United Therapeutics Shares Positive Study Results for its Bioengineered Liver

United Therapeutics Corporation is touting announced encouraging results from its phase 1 study of miroliverELAP, an external liver assist product, in patients with acute forms of liver failure, acute-on-chronic liver failure, and severe acute alcoholic hepatitis, collectively called acute liver failure (ALF).²

Approximately 30% of ALF patients die because they are ineligible for a liver transplant or a donated liver is not available.¹

Developed by Miromatrix Medical Inc., a wholly owned United Therapeutics subsidiary, miroliverELAP consists of an external blood circuit and a single-use bioengineered liver sustained outside of the human body to provide temporary liver support to ALF patients. The bioengineered liver is manufactured by seeding a decellularized porcine liver scaffold with allogeneic³ human endothelial⁴ cells and human liver cells isolated from donated human livers. The donated human livers are not suitable for transplantation and are provided by organ procurement organizations (OPOs).

“This study provides early evidence that miroliverELAP, a bioengineered organ alternative product, has the potential to provide liver support for patients experiencing ALF, giving their native livers more time to recover. Achieving this important milestone allows us to continue advancing miroliverELAP to help save and improve the lives of ALF patients, who face poor outcomes and a desperate need for therapies,” Miromatrix President Jeff Ross, Ph.D., said.

In the study, five ALF patients who were not candidates for a liver transplant were continuously treated with miroliverELAP for at least 44 hours. The single-arm, open-label, safety study met the primary endpoint of survival during miroliverELAP treatment, and there were no reports of unexpected serious adverse events attributable to the miroliverELAP over a subsequent 32-day follow-up period. Full study results will be presented and published in the second half of this year.

ALF, a devastating condition that affects thousands of patients each year, is characterized by a rapid loss of liver function in a matter of days or weeks. Approximately 45% of ALF patients will experience spontaneous recovery, while 25% will receive a liver transplant, the only effective ALF treatment. Approximately 30% of ALF patients will die because they are ineligible for a liver transplant or are unable to receive one in time due to the rapid onset of the disease and the drastic shortage of transplantable organs.⁵

United Therapeutics’ organ and organ alternative manufacturing efforts consist of three platforms—xenotransplantation,⁶ allogeneic regenerative medicine, and autologous⁷ regenerative medicine—encompassing four different organs: hearts, kidneys, livers, and lungs. These programs address the ongoing shortage of transplantable organs for patients with end-stage organ disease.

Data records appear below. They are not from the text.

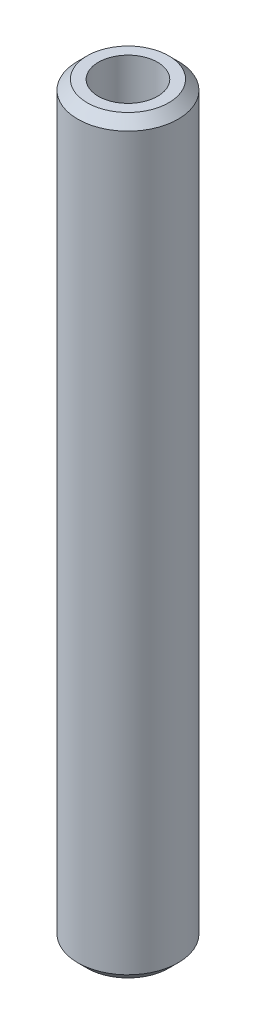
from build123d import *

# Parameters (mm, degrees)
SKETCH1_R           = 12.5
BOSS_EXTRUDE1_DEPTH = 186.592302549
SKETCH2_R           = 7.364369504
CUT_EXTRUDE1_DEPTH  = 188.427819094
CHAMFER1_SIZE       = 2.357298204


with BuildPart() as part:
    # Sketch1 → Boss-Extrude1 (new body)
    with BuildSketch(Plane(origin=(0, 0, 0), x_dir=(1, 0, 0), z_dir=(0, 1, 0))):
        Circle(SKETCH1_R)
    extrude(amount=BOSS_EXTRUDE1_DEPTH)

    # Sketch2 → Cut-Extrude1 (cut, through all)
    with BuildSketch(Plane(origin=(0, 0, 0), x_dir=(1, 0, 0), z_dir=(0, 1, 0))):
        Circle(SKETCH2_R)
    extrude(amount=CUT_EXTRUDE1_DEPTH, mode=Mode.SUBTRACT)

    # Chamfer1
    chamfer1_edges = [part.edges().sort_by_distance(p)[0] for p in [
        (-12.5, 186.592302549, 0),
        (-12.5, 0, 0),
    ]]
    chamfer(chamfer1_edges, length=CHAMFER1_SIZE)


solid = part.part

“United Therapeutics is committed to developing technologies that expand the availability of transplantable organs, and the completion of this clinical trial represents yet another historic achievement for our company. We are thrilled to see positive results from this study of miroliverELAP in ALF patients for whom liver transplantation was not an option. We sincerely thank the patients, physicians, and OPOs who made this trial possible,” United Therapeutics Chairperson/CEO Martine Rothblatt, Ph.D., stated.

Miromatrix received U.S. Food and Drug Administration clearance for its Investigational New Drug application for the phase 1 clinical trial of miroliverELAP in 2024. miroliverELAP is investigational and is not approved for any use in any country. In addition to miroliverELAP, Miromatrix is developing mirokidney, a fully transplantable bioengineered kidney, utilizing the same decellularization and seeding technology used in miroliverELAP.

United Therapeutics is the first publicly traded biotech or pharmaceutical company to take the form of a public benefit corporation (PBC). Its public benefit purpose is to provide a brighter future for patients through (a) the development of novel pharmaceutical therapies; and (b) technologies that expand the availability of transplantable organs.

References
¹ Mendizabal M, Silva MO. Liver transplantation in acute liver failure: A challenging scenario. World J Gastroenterol. 2016 Jan 28;22(4):1523-31. DOI: 10.3748/wjg.v22.i4.1523. PMID: 26819519; PMCID: PMC4721985. https://pmc.ncbi.nlm.nih.gov/articles/PMC4721985/
² More information on the study is available at https://clinicaltrials.gov/study/NCT06285253.
³ Allogeneic cells come from a donor who is genetically different from the recipient.
⁴ Endothelial cells form the inner lining of blood vessels.
⁵ Lee, W. M., Squires, R. H., Jr, Nyberg, S. L., Doo, E., & Hoofnagle, J. H. (2008). Acute liver failure: Summary of a workshop. Hepatology (Baltimore, Md.), 47(4), 1401–1415. https://doi.org/10.1002/hep.22177
⁶ Xenotransplantation is the process of transplanting living cells, tissues, or organs from one species into another—most commonly from animals into humans. United Therapeutics is conducting research involving transplantation of whole organs from gene-edited pigs into humans.
⁷ Autologous cells are cells collected from and then used in the same individual.